Olduğu kadar

 

natureee

Şehir hayatı öyle hızlı ve koşturma dolu ki sürekli bir şeylere yetişmeye çalışıp duruyoruz ve aslında tüm koşturmaların içinde yetişmek istediğimiz şeye de yetişemiyoruz. Sürekli bir sonraki adımda yapacaklarımızı düşündükçe daha da yol yorgunu oluyoruz. Koşturmaktan yorulduğumuzu söylüyoruz ama durmaktan deli gibi korkuyoruz. Çünkü durduğumuzda ama gerçekten durduğumuzda olan netleşmeye başlayacak ve biz, tüm o yaşadığımız kabul etmeme hallerimiz olan ile karşılaşmaktan deli gibi korktuğumuz için değil mi?

Eskiden bir şeyler istediğim gibi olmuyorsa orasından burasından kesip biçerek kendime uygun hale getirmek için çırpınırdım. Tabi ki olmazdı ve ben çırpındıkça kendimi yormaktan, kırmaktan da başka bir şey yapmazdım. İnsanların beni anlaması için kendimi anlatıp dururdum ama saatlerce konuşsam da beni anlamasını istediğim kişiler yine de beni anlamazdı. Çünkü kendi hissettiklerimi söylemekten çok korkardım. Sanırdım ki, ben kendi hissettiklerimi söylediğimde  onlar gidecek, o yüzden olanı kabul etmek yerine çırpınırdım. Sanki küçük bir odada sıkışmış bir kuşun boşuna kanat çırpışı gibi.

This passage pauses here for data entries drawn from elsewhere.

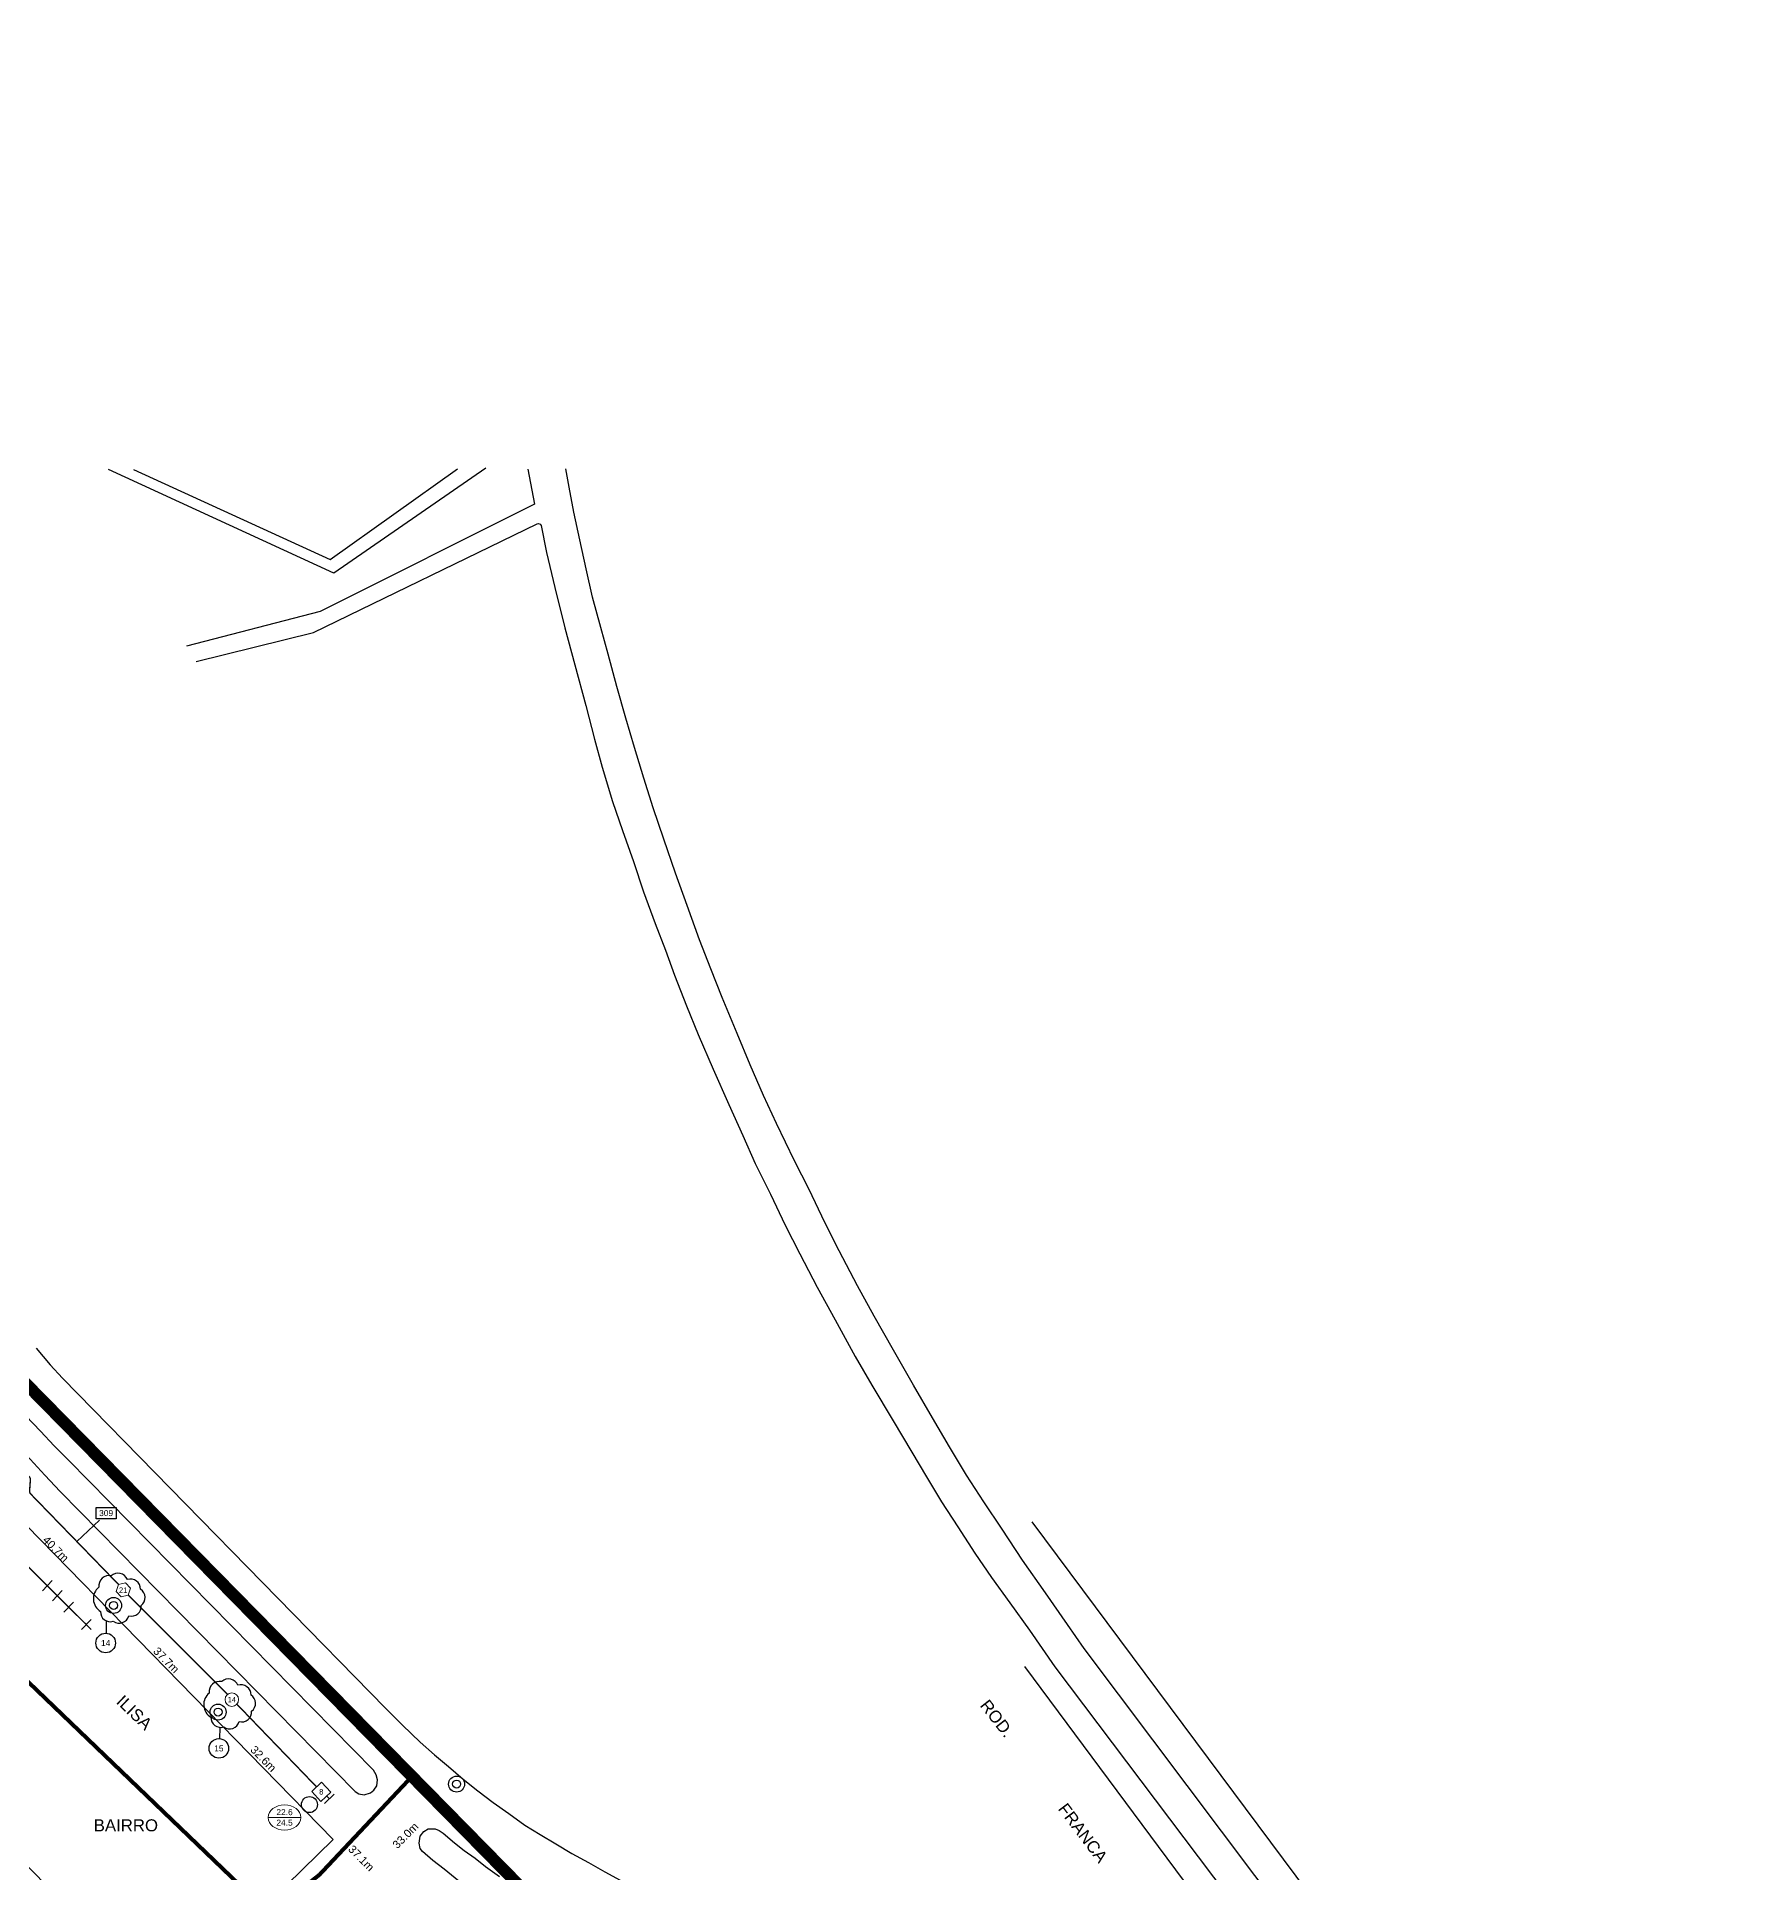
# Model space of a CAD drawing. Header units: inches. Extents: x 246034 to 247769, y 7726337 to 7727523.
# Drawn here: x 247135.7 to 247560.6, y 7727047.2 to 7727506.1 of the extents above; entities that cross this region are included whole.
import ezdxf
from ezdxf.enums import TextEntityAlignment as Align

# ---------------------------------------------------------------- set-up
doc = ezdxf.new("R2010")
doc.units = ezdxf.units.IN
doc.header["$LTSCALE"] = 6
doc.header["$MEASUREMENT"] = 0
doc.linetypes.add('DASHED', pattern=[0.75, 0.5, -0.25])
doc.linetypes.add('PHANTOMX2', pattern=[5, 2.5, -0.5, 0.5, -0.5, 0.5, -0.5])
for name, color, linetype in [('ALTERAÇÃO', 4, 'Continuous'), ('ANOTACOES', 6, 'Continuous'), ('DISTANCIA', 7, 'Continuous'), ('LIMITE', 5, 'PHANTOMX2'), ('NET-CBTR', 3, 'DASHED'), ('NET_UPGRADE', 7, 'Continuous'), ('POSTES', 1, 'Continuous'), ('QUADRAS', 7, 'Continuous'), ('RODOVIA', 3, 'Continuous'), ('RUAS', 7, 'Continuous')]:
    doc.layers.add(name, color=color, linetype=linetype)
doc.layers.add('NET-LIMCEL', color=9, linetype='PHANTOMX2', lineweight=50, true_color=0x808080)
doc.layers.add('NET-TAP', color=1, linetype='Continuous', lineweight=20)
doc.layers.add('NET-TERM', color=1, linetype='Continuous', lineweight=20)
doc.styles.add('Folhas_CAD', font='arial.ttf')
doc.styles.get("Standard").update_dxf_attribs({"font": 'arial.ttf'})
doc.dimstyles.get("Standard").update_dxf_attribs({"dimtxt": 0.18, "dimasz": 0.18, "dimexe": 0.18, "dimexo": 0.0625, "dimgap": 0.09, "dimtad": 0, "dimtih": 1, "dimtoh": 1, "dimdec": 4, "dimzin": 0, "dimdsep": 46, "dimtxsty": 'Standard', "dimcen": 0.09, "dimadec": 0, "dimazin": 0, "dimtfac": 1, "dimtdec": 4, "dimtofl": 0, "dimtmove": 0, "dimatfit": 3, "dimfxl": 1, "dimtolj": 1, "dimtzin": 0, "dimarcsym": 0})

# ---------------------------------------------------------------- blocks, each defined once
blk = doc.blocks.new('P_MAD')
at = {"layer": 'POSTES', "linetype": 'ByBlock'}
blk.add_circle((0, 0), 2, dxfattribs=at)
at = {"layer": 'POSTES', "flags": 1}
for tag, p in [('POSTE', (0.08, 2.76)), ('ASS', (-0.01, 2.33))]:
    blk.add_attdef(tag, text='', height=0.275, dxfattribs=at).set_placement(p, align=Align.MIDDLE)
blk = doc.blocks.new('P_C_TUB')
at = {"layer": 'POSTES', "linetype": 'ByBlock'}
for radius in [2, 1]:
    blk.add_circle((0, 0), radius, dxfattribs=at)
at = {"layer": 'POSTES', "flags": 1}
for tag, p in [('POSTE', (0.08, 2.76)), ('ASS', (-0.01, 2.33))]:
    blk.add_attdef(tag, text='', height=0.275, dxfattribs=at).set_placement(p, align=Align.MIDDLE)
blk = doc.blocks.new('TERMINAL')
blk.add_line((-1, 0), (0, 0))
blk.add_lwpolyline([(-1, -1.6875), (-1, 1.6875)])
blk = doc.blocks.new('TAP2')
at = {"color": 0}
blk.add_circle((1.69, 0), 1.69, dxfattribs=at)
blk.add_attdef('DBVAL', text='', height=1.35, dxfattribs=at).set_placement((1.69, 0), align=Align.MIDDLE)
blk = doc.blocks.new('TAP4')
blk.add_lwpolyline([(3.38, -1.69), (0, -1.69), (0, 1.69), (3.38, 1.69)], close=True)
at = {"color": 0}
blk.add_attdef('DBVAL', text='', height=1.35, dxfattribs=at).set_placement((1.69, 0), align=Align.MIDDLE)
blk = doc.blocks.new('TAP8')
blk.add_lwpolyline([(0.92, 1.59), (0, 0), (0.92, -1.59), (2.76, -1.59), (3.68, 0), (2.76, 1.59)], close=True)
blk.add_attdef('DBVAL', text='', height=1.35).set_placement((1.77, -0.06), align=Align.MIDDLE)
blk = doc.blocks.new('HI-LOW')
blk.add_lwpolyline([(-4.1, 0), (4.1, 0)])
blk.add_ellipse((0, 0), major_axis=(4.1, 0), ratio=0.768293)
for tag, p in [('END-HI', (0, 1.33)), ('END-LO', (0, -1.29))]:
    blk.add_attdef(tag, text='', height=1.5).set_placement(p, align=Align.MIDDLE_CENTER)
blk = doc.blocks.new('CX_CodUpgrade')
blk.add_circle((-0.13, 0.04), 2.45)
at = {"color": 1, "flags": 1}
for tag, p in [('RETIRAR1', (4.74, 11.47)), ('RETIRAR2', (4.74, 7.94)), ('NOVO1', (28.33, 11.47)), ('NOVO2', (28.33, 7.94)), ('RETIRAR3', (4.74, 4.42)), ('NOVO3', (28.33, 4.42)), ('RETIRAR4', (4.74, 0.89)), ('NOVO4', (28.33, 0.9)), ('RETIRAR5', (4.74, -2.63)), ('NOVO5', (28.33, -2.63)), ('RETIRAR6', (4.74, -6.15)), ('RETIRAR7', (4.74, -9.68)), ('NOVO6', (28.33, -6.15)), ('NOVO7', (28.33, -9.68)), ('RETIRAR8', (4.74, -13.2)), ('NOVO8', (28.33, -13.2)), ('RETIRAR9', (4.74, -16.73)), ('NOVO9', (28.33, -16.73))]:
    blk.add_attdef(tag, p, '', height=1.5, dxfattribs=at)
at = {"color": 7, "flags": 1}
for tag, p in [('ANTIGO1', (17.16, 11.46)), ('ANTIGO2', (17.16, 7.94)), ('ANTIGO3', (17.16, 4.41)), ('ANTIGO4', (17.16, 0.89)), ('ANTIGO5', (17.16, -2.63)), ('ANTIGO6', (17.16, -6.16)), ('ANTIGO7', (17.16, -9.68)), ('ANTIGO8', (17.16, -13.21)), ('ANTIGO9', (17.16, -16.73))]:
    blk.add_attdef(tag, p, '', height=1.5, dxfattribs=at)
at = {"color": 1}
blk.add_attdef('CODIGO', text='', height=1.5, dxfattribs=at).set_placement((-0.13, 0.04), align=Align.MIDDLE_CENTER)
blk = doc.blocks.new('CX_CodUpgradeCabo')
blk.add_lwpolyline([(-2.63, 1.45), (2.37, 1.45), (2.37, -1.4), (-2.63, -1.4)], close=True)
at = {"color": 1}
blk.add_attdef('CODIGO', text='', height=1.5, dxfattribs=at).set_placement((-0.13, 0.04), align=Align.MIDDLE_CENTER)
at = {"color": 1, "style": 'Folhas_CAD', "flags": 1}
for tag, p in [('SERVICO', (5.97, 0.89)), ('TIPO', (17.92, 0.89)), ('COMP', (25.22, 0.89))]:
    blk.add_attdef(tag, p, '', height=1.5, dxfattribs=at)
blk = doc.blocks.new('EXCLUIR_CABOdwg')
at = {"layer": 'ANOTACOES', "color": 4}
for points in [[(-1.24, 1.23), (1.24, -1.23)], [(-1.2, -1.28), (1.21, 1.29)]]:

Belki kuş bir saniye dursa girdiği açık pencereden çıkabileceğini kavrayabilecek ama durursa zarar göreceği düşündüğü için daha çok çırpınmıyor mu?  Zaten ona zarar veren de durmaması değil mi?

İlk yoga derslerimi hatırlıyorum. Bedenin esnekliğini, başın bir yerlere değiyor olmasını marifet sanırdım, gözüm yandaki mata kayar ve ne kadar esnek olduğumu düşünürdüm. Düşünüyordum da hayata karşı tavrım da öyleydi. İtip çekerek poza girmek  için çırpınırdım, çünkü öyle önemliydi ki o poza girmek. O yüzden kendimi sakatlanma riski, bedenimin verdiği alarmlar da umurumda değildi. İşin aslı duyduğumu da sanmıyorum. Çünkü duyacak kadar da hassas değildim. Şimdi gönül rahatlığıyla  önemli olanın o poza girmek değil de, o yoldaki hisler olduğunu deneyimlerime dayanarak söyleyebiliyorum.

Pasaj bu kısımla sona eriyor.